● Work item: Consider the listing below. Extract exactly the lines from the line containing "arc A6 (31.3643, 42.1907)" to the line containing "through (3, 0, 0)", both included.

Data for processing: Begin

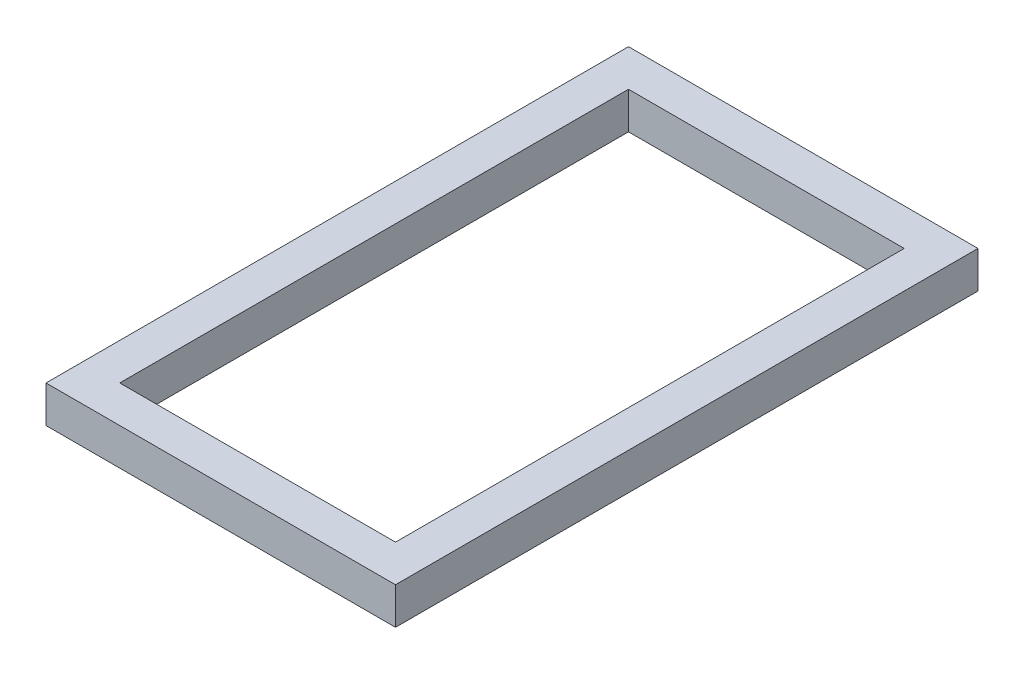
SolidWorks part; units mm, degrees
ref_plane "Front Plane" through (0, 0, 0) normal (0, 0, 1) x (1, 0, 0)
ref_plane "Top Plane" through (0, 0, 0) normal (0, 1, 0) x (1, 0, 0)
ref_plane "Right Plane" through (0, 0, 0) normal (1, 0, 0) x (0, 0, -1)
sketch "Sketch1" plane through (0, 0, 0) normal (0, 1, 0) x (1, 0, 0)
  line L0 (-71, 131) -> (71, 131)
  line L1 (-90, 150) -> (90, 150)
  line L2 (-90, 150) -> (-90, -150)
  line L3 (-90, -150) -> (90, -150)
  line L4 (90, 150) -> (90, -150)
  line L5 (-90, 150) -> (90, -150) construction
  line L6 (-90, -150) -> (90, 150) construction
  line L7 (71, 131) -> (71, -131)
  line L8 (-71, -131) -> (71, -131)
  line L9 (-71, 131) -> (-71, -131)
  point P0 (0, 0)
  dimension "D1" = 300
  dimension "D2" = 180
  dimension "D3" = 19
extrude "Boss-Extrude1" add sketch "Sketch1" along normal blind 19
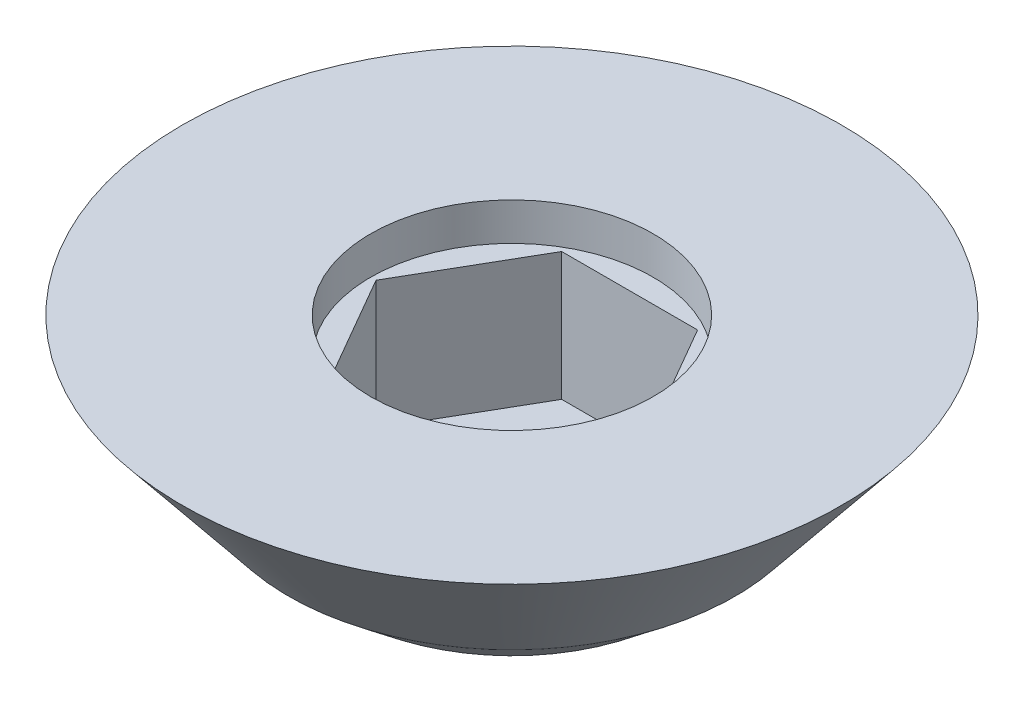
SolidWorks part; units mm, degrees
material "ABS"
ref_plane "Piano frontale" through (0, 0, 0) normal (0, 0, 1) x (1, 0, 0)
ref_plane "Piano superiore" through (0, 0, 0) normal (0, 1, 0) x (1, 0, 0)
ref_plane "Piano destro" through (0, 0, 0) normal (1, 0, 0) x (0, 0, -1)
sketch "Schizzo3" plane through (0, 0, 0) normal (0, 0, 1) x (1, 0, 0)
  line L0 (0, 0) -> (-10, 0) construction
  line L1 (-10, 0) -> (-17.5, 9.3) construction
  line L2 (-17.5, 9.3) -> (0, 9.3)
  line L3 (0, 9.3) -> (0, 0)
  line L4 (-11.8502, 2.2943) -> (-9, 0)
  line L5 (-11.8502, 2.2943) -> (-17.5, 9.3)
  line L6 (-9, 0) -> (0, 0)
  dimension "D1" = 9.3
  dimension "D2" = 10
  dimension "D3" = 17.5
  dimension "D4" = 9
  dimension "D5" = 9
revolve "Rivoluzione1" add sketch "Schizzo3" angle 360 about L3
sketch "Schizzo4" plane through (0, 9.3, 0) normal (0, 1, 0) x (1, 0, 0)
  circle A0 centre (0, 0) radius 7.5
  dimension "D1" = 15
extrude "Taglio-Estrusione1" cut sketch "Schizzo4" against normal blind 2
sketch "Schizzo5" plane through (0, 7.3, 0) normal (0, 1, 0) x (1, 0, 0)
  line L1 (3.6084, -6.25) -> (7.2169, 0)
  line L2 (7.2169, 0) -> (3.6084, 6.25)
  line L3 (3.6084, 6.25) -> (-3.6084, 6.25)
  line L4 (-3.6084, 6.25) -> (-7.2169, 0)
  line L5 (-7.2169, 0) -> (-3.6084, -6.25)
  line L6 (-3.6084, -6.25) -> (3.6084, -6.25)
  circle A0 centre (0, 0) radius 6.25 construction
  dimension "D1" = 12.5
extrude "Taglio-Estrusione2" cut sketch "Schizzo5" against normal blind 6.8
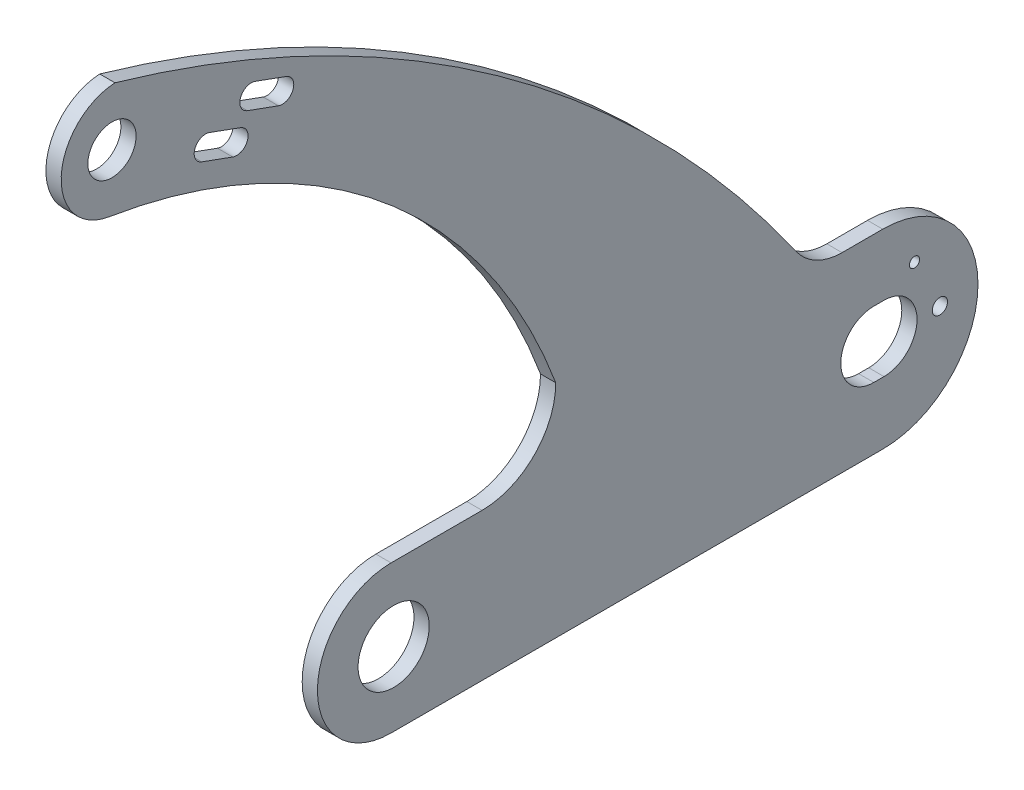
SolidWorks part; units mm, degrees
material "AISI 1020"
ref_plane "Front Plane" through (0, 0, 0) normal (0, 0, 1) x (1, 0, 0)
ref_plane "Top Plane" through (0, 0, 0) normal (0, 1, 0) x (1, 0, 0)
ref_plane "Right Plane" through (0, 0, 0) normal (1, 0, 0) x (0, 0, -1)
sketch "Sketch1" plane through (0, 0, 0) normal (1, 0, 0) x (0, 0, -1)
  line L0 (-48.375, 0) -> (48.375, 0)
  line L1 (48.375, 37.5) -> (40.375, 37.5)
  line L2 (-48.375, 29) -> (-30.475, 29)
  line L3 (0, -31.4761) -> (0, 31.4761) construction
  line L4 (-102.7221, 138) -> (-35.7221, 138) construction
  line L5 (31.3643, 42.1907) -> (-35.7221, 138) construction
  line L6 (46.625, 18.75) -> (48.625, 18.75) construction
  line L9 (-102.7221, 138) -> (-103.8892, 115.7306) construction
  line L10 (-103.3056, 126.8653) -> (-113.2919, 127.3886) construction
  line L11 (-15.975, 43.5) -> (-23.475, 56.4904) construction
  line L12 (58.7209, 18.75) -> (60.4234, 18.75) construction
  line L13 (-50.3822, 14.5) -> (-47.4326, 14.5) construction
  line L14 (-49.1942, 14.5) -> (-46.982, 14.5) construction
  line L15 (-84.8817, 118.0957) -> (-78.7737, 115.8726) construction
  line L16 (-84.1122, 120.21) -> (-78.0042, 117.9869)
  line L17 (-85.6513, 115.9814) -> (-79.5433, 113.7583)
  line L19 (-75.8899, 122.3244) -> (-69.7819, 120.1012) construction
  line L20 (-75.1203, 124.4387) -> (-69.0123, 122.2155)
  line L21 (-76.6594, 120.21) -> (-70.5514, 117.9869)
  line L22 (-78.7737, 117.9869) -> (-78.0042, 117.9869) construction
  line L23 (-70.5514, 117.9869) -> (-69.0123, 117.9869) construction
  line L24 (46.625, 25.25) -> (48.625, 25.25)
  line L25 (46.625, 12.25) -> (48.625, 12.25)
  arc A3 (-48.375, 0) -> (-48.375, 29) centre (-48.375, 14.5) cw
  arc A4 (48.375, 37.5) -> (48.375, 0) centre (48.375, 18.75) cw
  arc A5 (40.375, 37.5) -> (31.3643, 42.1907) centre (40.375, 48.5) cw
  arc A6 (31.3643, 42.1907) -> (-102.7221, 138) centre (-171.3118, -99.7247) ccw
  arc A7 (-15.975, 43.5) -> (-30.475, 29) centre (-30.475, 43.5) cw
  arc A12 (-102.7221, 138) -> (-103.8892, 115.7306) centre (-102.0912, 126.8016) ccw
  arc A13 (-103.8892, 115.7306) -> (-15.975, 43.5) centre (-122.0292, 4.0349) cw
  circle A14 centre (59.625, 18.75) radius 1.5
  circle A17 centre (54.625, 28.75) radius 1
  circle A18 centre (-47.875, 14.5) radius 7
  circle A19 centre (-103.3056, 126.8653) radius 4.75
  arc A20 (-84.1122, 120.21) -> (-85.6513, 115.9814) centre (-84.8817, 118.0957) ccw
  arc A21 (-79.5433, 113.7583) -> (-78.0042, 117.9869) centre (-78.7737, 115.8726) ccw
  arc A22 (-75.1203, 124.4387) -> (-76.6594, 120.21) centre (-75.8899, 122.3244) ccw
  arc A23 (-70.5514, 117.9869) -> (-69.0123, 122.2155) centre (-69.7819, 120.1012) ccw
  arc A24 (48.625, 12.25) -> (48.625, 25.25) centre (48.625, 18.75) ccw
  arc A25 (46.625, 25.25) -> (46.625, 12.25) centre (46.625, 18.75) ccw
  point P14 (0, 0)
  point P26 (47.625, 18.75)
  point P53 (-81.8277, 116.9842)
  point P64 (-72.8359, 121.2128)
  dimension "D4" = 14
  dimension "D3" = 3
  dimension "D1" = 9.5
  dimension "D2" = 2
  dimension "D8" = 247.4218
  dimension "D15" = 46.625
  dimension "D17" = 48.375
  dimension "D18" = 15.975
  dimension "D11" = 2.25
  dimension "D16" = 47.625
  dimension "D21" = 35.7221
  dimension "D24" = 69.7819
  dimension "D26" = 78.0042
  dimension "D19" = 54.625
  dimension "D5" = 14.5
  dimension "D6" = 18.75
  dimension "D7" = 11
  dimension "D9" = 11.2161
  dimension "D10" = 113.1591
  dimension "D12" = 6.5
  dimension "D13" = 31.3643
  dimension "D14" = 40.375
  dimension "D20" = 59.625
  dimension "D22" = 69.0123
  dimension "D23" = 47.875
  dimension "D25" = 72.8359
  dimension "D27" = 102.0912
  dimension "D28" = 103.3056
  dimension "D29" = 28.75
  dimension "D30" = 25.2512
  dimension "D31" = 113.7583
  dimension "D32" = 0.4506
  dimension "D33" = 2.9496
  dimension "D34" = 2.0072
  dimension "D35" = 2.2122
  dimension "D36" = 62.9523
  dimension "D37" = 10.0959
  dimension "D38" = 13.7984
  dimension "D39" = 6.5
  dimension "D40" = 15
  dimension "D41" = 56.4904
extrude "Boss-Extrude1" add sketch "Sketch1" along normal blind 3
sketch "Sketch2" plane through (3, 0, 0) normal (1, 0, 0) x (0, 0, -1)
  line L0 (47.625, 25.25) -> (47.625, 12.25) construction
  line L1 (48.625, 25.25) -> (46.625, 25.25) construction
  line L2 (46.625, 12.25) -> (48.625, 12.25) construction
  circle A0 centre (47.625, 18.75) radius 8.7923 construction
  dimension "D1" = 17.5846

Data for processing: End

● Result:
  arc A6 (31.3643, 42.1907) -> (-102.7221, 138) centre (-171.3118, -99.7247) ccw
  arc A7 (-15.975, 43.5) -> (-30.475, 29) centre (-30.475, 43.5) cw
  arc A12 (-102.7221, 138) -> (-103.8892, 115.7306) centre (-102.0912, 126.8016) ccw
  arc A13 (-103.8892, 115.7306) -> (-15.975, 43.5) centre (-122.0292, 4.0349) cw
  circle A14 centre (59.625, 18.75) radius 1.5
  circle A17 centre (54.625, 28.75) radius 1
  circle A18 centre (-47.875, 14.5) radius 7
  circle A19 centre (-103.3056, 126.8653) radius 4.75
  arc A20 (-84.1122, 120.21) -> (-85.6513, 115.9814) centre (-84.8817, 118.0957) ccw
  arc A21 (-79.5433, 113.7583) -> (-78.0042, 117.9869) centre (-78.7737, 115.8726) ccw
  arc A22 (-75.1203, 124.4387) -> (-76.6594, 120.21) centre (-75.8899, 122.3244) ccw
  arc A23 (-70.5514, 117.9869) -> (-69.0123, 122.2155) centre (-69.7819, 120.1012) ccw
  arc A24 (48.625, 12.25) -> (48.625, 25.25) centre (48.625, 18.75) ccw
  arc A25 (46.625, 25.25) -> (46.625, 12.25) centre (46.625, 18.75) ccw
  point P14 (0, 0)
  point P26 (47.625, 18.75)
  point P53 (-81.8277, 116.9842)
  point P64 (-72.8359, 121.2128)
  dimension "D4" = 14
  dimension "D3" = 3
  dimension "D1" = 9.5
  dimension "D2" = 2
  dimension "D8" = 247.4218
  dimension "D15" = 46.625
  dimension "D17" = 48.375
  dimension "D18" = 15.975
  dimension "D11" = 2.25
  dimension "D16" = 47.625
  dimension "D21" = 35.7221
  dimension "D24" = 69.7819
  dimension "D26" = 78.0042
  dimension "D19" = 54.625
  dimension "D5" = 14.5
  dimension "D6" = 18.75
  dimension "D7" = 11
  dimension "D9" = 11.2161
  dimension "D10" = 113.1591
  dimension "D12" = 6.5
  dimension "D13" = 31.3643
  dimension "D14" = 40.375
  dimension "D20" = 59.625
  dimension "D22" = 69.0123
  dimension "D23" = 47.875
  dimension "D25" = 72.8359
  dimension "D27" = 102.0912
  dimension "D28" = 103.3056
  dimension "D29" = 28.75
  dimension "D30" = 25.2512
  dimension "D31" = 113.7583
  dimension "D32" = 0.4506
  dimension "D33" = 2.9496
  dimension "D34" = 2.0072
  dimension "D35" = 2.2122
  dimension "D36" = 62.9523
  dimension "D37" = 10.0959
  dimension "D38" = 13.7984
  dimension "D39" = 6.5
  dimension "D40" = 15
  dimension "D41" = 56.4904
extrude "Boss-Extrude1" add sketch "Sketch1" along normal blind 3
sketch "Sketch2" plane through (3, 0, 0) normal (1, 0, 0) x (0, 0, -1)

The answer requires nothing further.